The conference call and accompanying slides will be webcast and accessible through the Investor Relations section of Scholastic’s website, www.scholastic.com. Participation by telephone will be available by dialing (877) 654-5161 from within the U.S. or +1 (678) 894-3064 internationally. Shortly following the call, an archived webcast and accompanying slides from the conference call will also be posted at investor.scholastic.com. An audio-only replay of the call will be available by dialing (855) 859-2056 from within the U.S. or +1 (404) 537-3406 internationally, and entering access code 25758695. The recording will be available through Friday, October 2, 2015.
Scholastic Corporation (NASDAQ: SCHL) is the world’s largest publisher and distributor of children’s books, a leading provider of print and digital instructional materials for pre-K to grade 12, and a producer of educational and entertaining children’s media. The Company creates quality books and ebooks, print and technology-based learning materials and programs, classroom magazines and other products that, in combination, offer schools customized and comprehensive solutions to support children’s learning both at school and at home. The Company also makes quality, affordable books available to all children through school-based book clubs and book fairs. With a 95 year history of service to schools and families, Scholastic continues to carry out its commitment to "Open a World of Possible" for all children. Learn more at www.scholastic.com.
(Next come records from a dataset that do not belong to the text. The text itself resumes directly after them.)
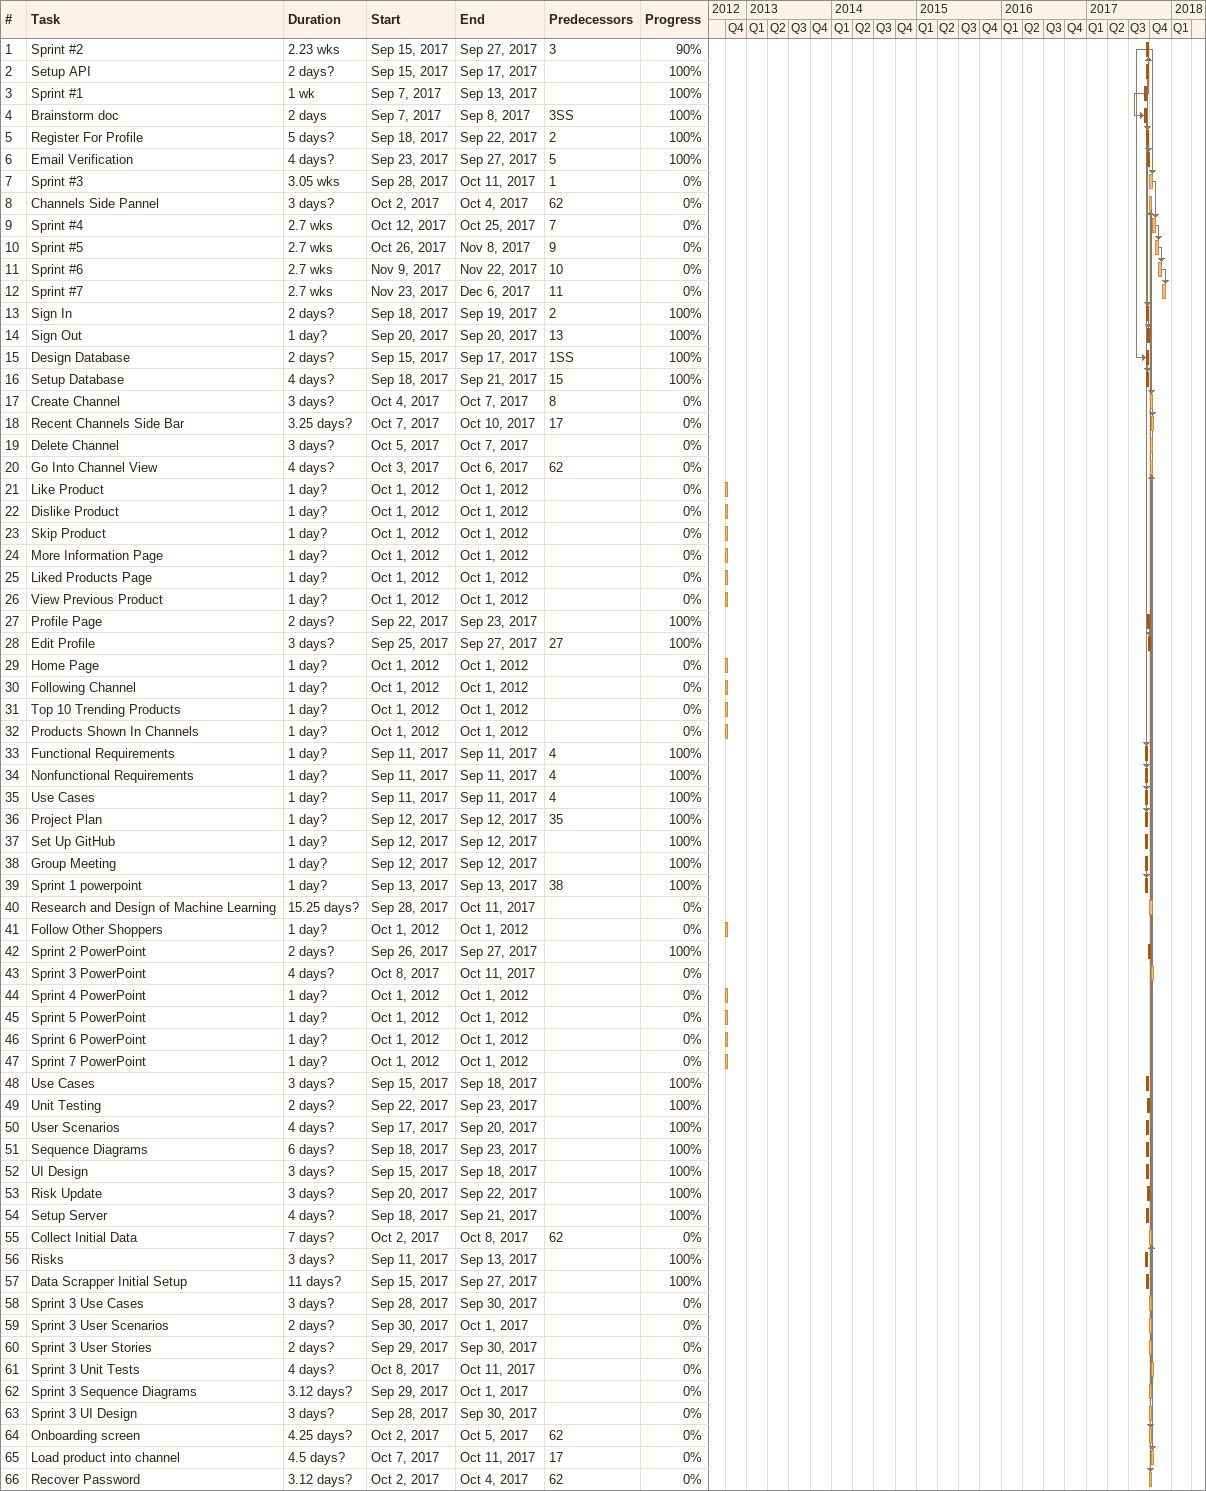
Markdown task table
| ID | Task | Duration | Start | Finish | Predecessors | % complete |
|---|---|---|---|---|---|---|
| 1 | Sprint #2 | 2.23w | 2017-09-15 | 2017-09-27 | 3 | 90 |
| 2 | Setup API | 2d? | 2017-09-15 | 2017-09-17 |  | 100 |
| 3 | Sprint #1 | 1w | 2017-09-07 | 2017-09-13 |  | 100 |
| 4 | Brainstorm doc | 2d | 2017-09-07 | 2017-09-08 | 3SS | 100 |
| 5 | Register For Profile | 5d? | 2017-09-18 | 2017-09-22 | 2 | 100 |
| 6 | Email Verification | 4d? | 2017-09-23 | 2017-09-27 | 5 | 100 |
| 7 | Sprint #3 | 3.05w | 2017-09-28 | 2017-10-11 | 1 | 0 |
| 8 | Channels Side Pannel | 3d? | 2017-10-02 | 2017-10-04 | 62 | 0 |
| 9 | Sprint #4 | 2.7w | 2017-10-12 | 2017-10-25 | 7 | 0 |
| 10 | Sprint #5 | 2.7w | 2017-10-26 | 2017-11-08 | 9 | 0 |
| 11 | Sprint #6 | 2.7w | 2017-11-09 | 2017-11-22 | 10 | 0 |
| 12 | Sprint #7 | 2.7w | 2017-11-23 | 2017-12-06 | 11 | 0 |
| 13 | Sign In | 2d? | 2017-09-18 | 2017-09-19 | 2 | 100 |
| 14 | Sign Out | 1d? | 2017-09-20 | 2017-09-20 | 13 | 100 |
| 15 | Design Database | 2d? | 2017-09-15 | 2017-09-17 | 1SS | 100 |
| 16 | Setup Database | 4d? | 2017-09-18 | 2017-09-21 | 15 | 100 |
| 17 | Create Channel | 3d? | 2017-10-04 | 2017-10-07 | 8 | 0 |
| 18 | Recent Channels Side Bar | 3.25d? | 2017-10-07 | 2017-10-10 | 17 | 0 |
| 19 | Delete Channel | 3d? | 2017-10-05 | 2017-10-07 |  | 0 |
| 20 | Go Into Channel View | 4d? | 2017-10-03 | 2017-10-06 | 62 | 0 |
| 21 | Like Product | 1d? | 2012-10-01 | 2012-10-01 |  | 0 |
| 22 | Dislike Product | 1d? | 2012-10-01 | 2012-10-01 |  | 0 |
| 23 | Skip Product | 1d? | 2012-10-01 | 2012-10-01 |  | 0 |
| 24 | More Information Page | 1d? | 2012-10-01 | 2012-10-01 |  | 0 |
| 25 | Liked Products Page | 1d? | 2012-10-01 | 2012-10-01 |  | 0 |
| 26 | View Previous Product | 1d? | 2012-10-01 | 2012-10-01 |  | 0 |
| 27 | Profile Page | 2d? | 2017-09-22 | 2017-09-23 |  | 100 |
| 28 | Edit Profile | 3d? | 2017-09-25 | 2017-09-27 | 27 | 100 |
| 29 | Home Page | 1d? | 2012-10-01 | 2012-10-01 |  | 0 |
| 30 | Following Channel | 1d? | 2012-10-01 | 2012-10-01 |  | 0 |
| 31 | Top 10 Trending Products | 1d? | 2012-10-01 | 2012-10-01 |  | 0 |
| 32 | Products Shown In Channels | 1d? | 2012-10-01 | 2012-10-01 |  | 0 |
| 33 | Functional Requirements | 1d? | 2017-09-11 | 2017-09-11 | 4 | 100 |
| 34 | Nonfunctional Requirements | 1d? | 2017-09-11 | 2017-09-11 | 4 | 100 |
| 35 | Use Cases | 1d? | 2017-09-11 | 2017-09-11 | 4 | 100 |
| 36 | Project Plan | 1d? | 2017-09-12 | 2017-09-12 | 35 | 100 |
| 37 | Set Up GitHub | 1d? | 2017-09-12 | 2017-09-12 |  | 100 |
| 38 | Group Meeting | 1d? | 2017-09-12 | 2017-09-12 |  | 100 |
| 39 | Sprint 1 powerpoint | 1d? | 2017-09-13 | 2017-09-13 | 38 | 100 |
| 40 | Research and Design of Machine Learning | 15.25d? | 2017-09-28 | 2017-10-11 |  | 0 |
| 41 | Follow Other Shoppers | 1d? | 2012-10-01 | 2012-10-01 |  | 0 |
| 42 | Sprint 2 PowerPoint | 2d? | 2017-09-26 | 2017-09-27 |  | 100 |
| 43 | Sprint 3 PowerPoint | 4d? | 2017-10-08 | 2017-10-11 |  | 0 |
| 44 | Sprint 4 PowerPoint | 1d? | 2012-10-01 | 2012-10-01 |  | 0 |
| 45 | Sprint 5 PowerPoint | 1d? | 2012-10-01 | 2012-10-01 |  | 0 |
| 46 | Sprint 6 PowerPoint | 1d? | 2012-10-01 | 2012-10-01 |  | 0 |
| 47 | Sprint 7 PowerPoint | 1d? | 2012-10-01 | 2012-10-01 |  | 0 |
| 48 | Use Cases | 3d? | 2017-09-15 | 2017-09-18 |  | 100 |
| 49 | Unit Testing | 2d? | 2017-09-22 | 2017-09-23 |  | 100 |
| 50 | User Scenarios | 4d? | 2017-09-17 | 2017-09-20 |  | 100 |
| 51 | Sequence Diagrams | 6d? | 2017-09-18 | 2017-09-23 |  | 100 |
| 52 | UI Design | 3d? | 2017-09-15 | 2017-09-18 |  | 100 |
| 53 | Risk Update | 3d? | 2017-09-20 | 2017-09-22 |  | 100 |
| 54 | Setup Server | 4d? | 2017-09-18 | 2017-09-21 |  | 100 |
| 55 | Collect Initial Data | 7d? | 2017-10-02 | 2017-10-08 | 62 | 0 |
| 56 | Risks | 3d? | 2017-09-11 | 2017-09-13 |  | 100 |
| 57 | Data Scrapper Initial Setup | 11d? | 2017-09-15 | 2017-09-27 |  | 100 |
| 58 | Sprint 3 Use Cases | 3d? | 2017-09-28 | 2017-09-30 |  | 0 |
| 59 | Sprint 3 User Scenarios | 2d? | 2017-09-30 | 2017-10-01 |  | 0 |
| 60 | Sprint 3 User Stories | 2d? | 2017-09-29 | 2017-09-30 |  | 0 |
| 61 | Sprint 3 Unit Tests | 4d? | 2017-10-08 | 2017-10-11 |  | 0 |
| 62 | Sprint 3 Sequence Diagrams | 3.12d? | 2017-09-29 | 2017-10-01 |  | 0 |
| 63 | Sprint 3 UI Design | 3d? | 2017-09-28 | 2017-09-30 |  | 0 |
| 64 | Onboarding screen | 4.25d? | 2017-10-02 | 2017-10-05 | 62 | 0 |
| 65 | Load product into channel | 4.5d? | 2017-10-07 | 2017-10-11 | 17 | 0 |
| 66 | Recover Password | 3.12d? | 2017-10-02 | 2017-10-04 | 62 | 0 |

This news release contains certain forward-looking statements. Such forward-looking statements are subject to various risks and uncertainties, including the conditions of the children’s book and educational materials markets and acceptance of the Company’s products within those markets, and other risks and factors identified from time to time in the Company’s filings with the Securities and Exchange Commission. Actual results could differ materially from those currently anticipated.